Exercise:
Print the first line of the records below and every line after it, up to and including the line with "doc.styles.add('Aktuell-DINGroßer Text', font='arial.ttf')". Print nothing else.

Extracted material:
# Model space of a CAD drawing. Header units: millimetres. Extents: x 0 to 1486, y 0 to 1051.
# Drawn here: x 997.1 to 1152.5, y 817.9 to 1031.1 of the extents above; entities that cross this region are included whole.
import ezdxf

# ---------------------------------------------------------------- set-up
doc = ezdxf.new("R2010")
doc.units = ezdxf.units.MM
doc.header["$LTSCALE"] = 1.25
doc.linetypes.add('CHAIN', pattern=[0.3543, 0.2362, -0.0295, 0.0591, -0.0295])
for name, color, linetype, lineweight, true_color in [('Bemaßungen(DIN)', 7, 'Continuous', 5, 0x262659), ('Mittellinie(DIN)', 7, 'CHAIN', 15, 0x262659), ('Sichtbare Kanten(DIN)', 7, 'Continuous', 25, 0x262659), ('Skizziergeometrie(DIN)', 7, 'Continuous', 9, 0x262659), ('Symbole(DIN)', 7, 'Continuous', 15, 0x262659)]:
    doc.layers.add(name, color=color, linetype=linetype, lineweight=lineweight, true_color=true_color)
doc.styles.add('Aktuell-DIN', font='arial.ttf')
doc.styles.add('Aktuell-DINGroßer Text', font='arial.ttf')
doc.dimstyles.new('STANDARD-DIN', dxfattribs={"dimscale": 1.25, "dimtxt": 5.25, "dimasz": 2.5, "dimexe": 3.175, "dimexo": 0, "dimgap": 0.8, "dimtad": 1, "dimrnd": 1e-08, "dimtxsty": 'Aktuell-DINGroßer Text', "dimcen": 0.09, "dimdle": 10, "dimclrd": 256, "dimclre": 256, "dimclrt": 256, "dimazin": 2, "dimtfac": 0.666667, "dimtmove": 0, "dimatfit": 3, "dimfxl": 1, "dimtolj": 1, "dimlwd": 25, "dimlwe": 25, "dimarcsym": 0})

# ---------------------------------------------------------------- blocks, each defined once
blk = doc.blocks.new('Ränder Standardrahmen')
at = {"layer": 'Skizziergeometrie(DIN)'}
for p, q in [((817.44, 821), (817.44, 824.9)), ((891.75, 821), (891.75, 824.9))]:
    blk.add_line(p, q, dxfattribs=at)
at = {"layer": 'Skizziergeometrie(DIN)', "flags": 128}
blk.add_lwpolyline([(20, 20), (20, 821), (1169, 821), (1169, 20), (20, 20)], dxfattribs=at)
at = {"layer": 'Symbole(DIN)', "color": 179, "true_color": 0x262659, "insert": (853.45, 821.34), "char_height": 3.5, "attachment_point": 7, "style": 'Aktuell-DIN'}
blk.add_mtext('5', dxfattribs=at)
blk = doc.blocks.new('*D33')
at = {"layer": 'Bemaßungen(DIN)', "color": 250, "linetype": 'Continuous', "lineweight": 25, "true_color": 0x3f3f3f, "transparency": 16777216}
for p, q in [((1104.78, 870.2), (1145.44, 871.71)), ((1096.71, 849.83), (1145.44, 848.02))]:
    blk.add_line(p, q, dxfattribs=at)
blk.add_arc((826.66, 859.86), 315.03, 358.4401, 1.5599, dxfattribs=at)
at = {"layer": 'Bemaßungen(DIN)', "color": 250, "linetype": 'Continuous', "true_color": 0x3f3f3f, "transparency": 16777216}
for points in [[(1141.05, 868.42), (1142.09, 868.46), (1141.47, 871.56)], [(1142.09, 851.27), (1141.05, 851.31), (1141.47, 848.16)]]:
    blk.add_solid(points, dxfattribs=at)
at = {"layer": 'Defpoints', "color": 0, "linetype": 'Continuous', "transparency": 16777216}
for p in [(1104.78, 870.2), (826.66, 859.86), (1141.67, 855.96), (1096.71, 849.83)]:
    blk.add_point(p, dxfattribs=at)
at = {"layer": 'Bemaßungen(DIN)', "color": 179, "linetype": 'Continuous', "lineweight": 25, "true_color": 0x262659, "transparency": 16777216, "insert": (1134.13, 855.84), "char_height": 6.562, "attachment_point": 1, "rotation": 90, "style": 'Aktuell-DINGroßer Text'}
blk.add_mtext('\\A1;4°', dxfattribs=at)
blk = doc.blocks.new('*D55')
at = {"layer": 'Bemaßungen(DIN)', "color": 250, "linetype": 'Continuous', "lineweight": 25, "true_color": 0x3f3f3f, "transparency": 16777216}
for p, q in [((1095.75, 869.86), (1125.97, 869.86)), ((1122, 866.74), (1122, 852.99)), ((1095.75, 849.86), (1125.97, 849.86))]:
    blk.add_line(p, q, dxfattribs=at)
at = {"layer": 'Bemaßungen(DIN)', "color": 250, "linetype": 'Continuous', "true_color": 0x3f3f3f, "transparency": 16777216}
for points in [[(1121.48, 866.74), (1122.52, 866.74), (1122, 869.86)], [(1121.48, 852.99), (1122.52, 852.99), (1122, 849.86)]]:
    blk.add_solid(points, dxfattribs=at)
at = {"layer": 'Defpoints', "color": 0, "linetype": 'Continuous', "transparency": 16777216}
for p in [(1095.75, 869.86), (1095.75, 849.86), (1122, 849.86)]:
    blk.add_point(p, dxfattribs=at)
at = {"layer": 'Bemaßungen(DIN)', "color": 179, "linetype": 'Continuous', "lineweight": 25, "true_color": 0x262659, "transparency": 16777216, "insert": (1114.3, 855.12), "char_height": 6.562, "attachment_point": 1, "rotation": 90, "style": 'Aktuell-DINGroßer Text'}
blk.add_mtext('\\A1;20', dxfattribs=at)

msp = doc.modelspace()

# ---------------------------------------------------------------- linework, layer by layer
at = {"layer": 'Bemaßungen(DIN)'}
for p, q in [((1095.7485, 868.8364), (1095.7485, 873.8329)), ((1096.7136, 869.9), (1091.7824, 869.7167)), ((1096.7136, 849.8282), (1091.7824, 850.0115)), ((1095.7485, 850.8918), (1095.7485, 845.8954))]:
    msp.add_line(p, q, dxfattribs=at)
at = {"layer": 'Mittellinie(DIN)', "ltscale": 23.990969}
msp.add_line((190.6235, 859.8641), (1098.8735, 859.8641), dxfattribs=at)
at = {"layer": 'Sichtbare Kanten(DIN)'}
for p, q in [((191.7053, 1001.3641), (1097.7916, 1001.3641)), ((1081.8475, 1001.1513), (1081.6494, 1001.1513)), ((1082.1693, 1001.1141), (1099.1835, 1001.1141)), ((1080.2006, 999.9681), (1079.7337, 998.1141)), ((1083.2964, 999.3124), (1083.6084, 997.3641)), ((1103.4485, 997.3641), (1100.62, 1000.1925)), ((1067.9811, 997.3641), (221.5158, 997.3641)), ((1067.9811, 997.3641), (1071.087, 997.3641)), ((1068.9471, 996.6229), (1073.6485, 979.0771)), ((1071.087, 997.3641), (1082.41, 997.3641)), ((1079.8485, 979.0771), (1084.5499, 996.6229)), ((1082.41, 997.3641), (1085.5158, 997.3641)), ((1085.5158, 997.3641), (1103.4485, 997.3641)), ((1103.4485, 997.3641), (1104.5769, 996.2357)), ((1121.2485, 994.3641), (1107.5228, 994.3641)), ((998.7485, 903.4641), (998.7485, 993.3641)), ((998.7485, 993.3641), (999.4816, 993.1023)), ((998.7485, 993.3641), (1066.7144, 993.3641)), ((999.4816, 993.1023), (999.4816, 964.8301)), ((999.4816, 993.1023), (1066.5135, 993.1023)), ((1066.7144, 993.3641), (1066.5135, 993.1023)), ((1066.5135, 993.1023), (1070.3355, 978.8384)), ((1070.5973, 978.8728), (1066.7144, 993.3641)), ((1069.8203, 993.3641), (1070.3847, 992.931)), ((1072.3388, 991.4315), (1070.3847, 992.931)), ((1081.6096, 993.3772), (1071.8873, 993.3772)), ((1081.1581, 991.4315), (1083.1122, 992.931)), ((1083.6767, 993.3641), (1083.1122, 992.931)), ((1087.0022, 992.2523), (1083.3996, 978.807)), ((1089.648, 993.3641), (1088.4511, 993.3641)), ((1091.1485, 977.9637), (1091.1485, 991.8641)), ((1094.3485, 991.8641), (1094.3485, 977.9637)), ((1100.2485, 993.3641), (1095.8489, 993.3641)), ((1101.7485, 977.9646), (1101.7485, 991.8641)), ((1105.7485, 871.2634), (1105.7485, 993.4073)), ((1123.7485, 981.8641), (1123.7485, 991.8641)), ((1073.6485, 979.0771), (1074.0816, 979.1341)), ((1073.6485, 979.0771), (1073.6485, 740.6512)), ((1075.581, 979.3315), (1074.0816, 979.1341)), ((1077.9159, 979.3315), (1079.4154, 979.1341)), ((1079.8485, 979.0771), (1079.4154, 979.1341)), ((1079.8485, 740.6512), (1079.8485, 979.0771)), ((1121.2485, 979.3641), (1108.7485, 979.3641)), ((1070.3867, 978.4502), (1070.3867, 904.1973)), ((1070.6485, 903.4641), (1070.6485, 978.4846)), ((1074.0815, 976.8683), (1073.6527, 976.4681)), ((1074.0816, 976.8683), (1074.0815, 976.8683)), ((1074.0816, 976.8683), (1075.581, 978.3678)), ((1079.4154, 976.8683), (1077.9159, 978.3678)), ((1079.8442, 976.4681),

Your response:
# Model space of a CAD drawing. Header units: millimetres. Extents: x 0 to 1486, y 0 to 1051.
# Drawn here: x 997.1 to 1152.5, y 817.9 to 1031.1 of the extents above; entities that cross this region are included whole.
import ezdxf

# ---------------------------------------------------------------- set-up
doc = ezdxf.new("R2010")
doc.units = ezdxf.units.MM
doc.header["$LTSCALE"] = 1.25
doc.linetypes.add('CHAIN', pattern=[0.3543, 0.2362, -0.0295, 0.0591, -0.0295])
for name, color, linetype, lineweight, true_color in [('Bemaßungen(DIN)', 7, 'Continuous', 5, 0x262659), ('Mittellinie(DIN)', 7, 'CHAIN', 15, 0x262659), ('Sichtbare Kanten(DIN)', 7, 'Continuous', 25, 0x262659), ('Skizziergeometrie(DIN)', 7, 'Continuous', 9, 0x262659), ('Symbole(DIN)', 7, 'Continuous', 15, 0x262659)]:
    doc.layers.add(name, color=color, linetype=linetype, lineweight=lineweight, true_color=true_color)
doc.styles.add('Aktuell-DIN', font='arial.ttf')
doc.styles.add('Aktuell-DINGroßer Text', font='arial.ttf')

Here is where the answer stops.